## ACTIVITY
Every record below, from first to last, should be copied exactly; leave the pictures out.

::::::::::

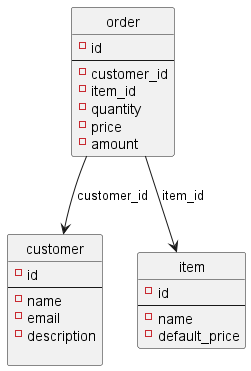

The diagram above was rendered by PlantUML. Its source (embedded in the PNG):
@startuml
hide circle
class customer {
 -id
---
 -name
 -email
 -description

}
class order {
 -id
---
 -customer_id
 -item_id
 -quantity
 -price
 -amount
}
class item {
 -id
---
 -name
 -default_price
}
order -->  customer : customer_id
order --> item : item_id
@enduml

::::::::::

## RESULT BELOW
The diagram above was rendered by PlantUML. Its source (embedded in the PNG):
@startuml
hide circle
class customer {
 -id
---
 -name
 -email
 -description

}
class order {
 -id
---
 -customer_id
 -item_id
 -quantity
 -price
 -amount
}
class item {
 -id
---
 -name
 -default_price
}
order -->  customer : customer_id
order --> item : item_id
@enduml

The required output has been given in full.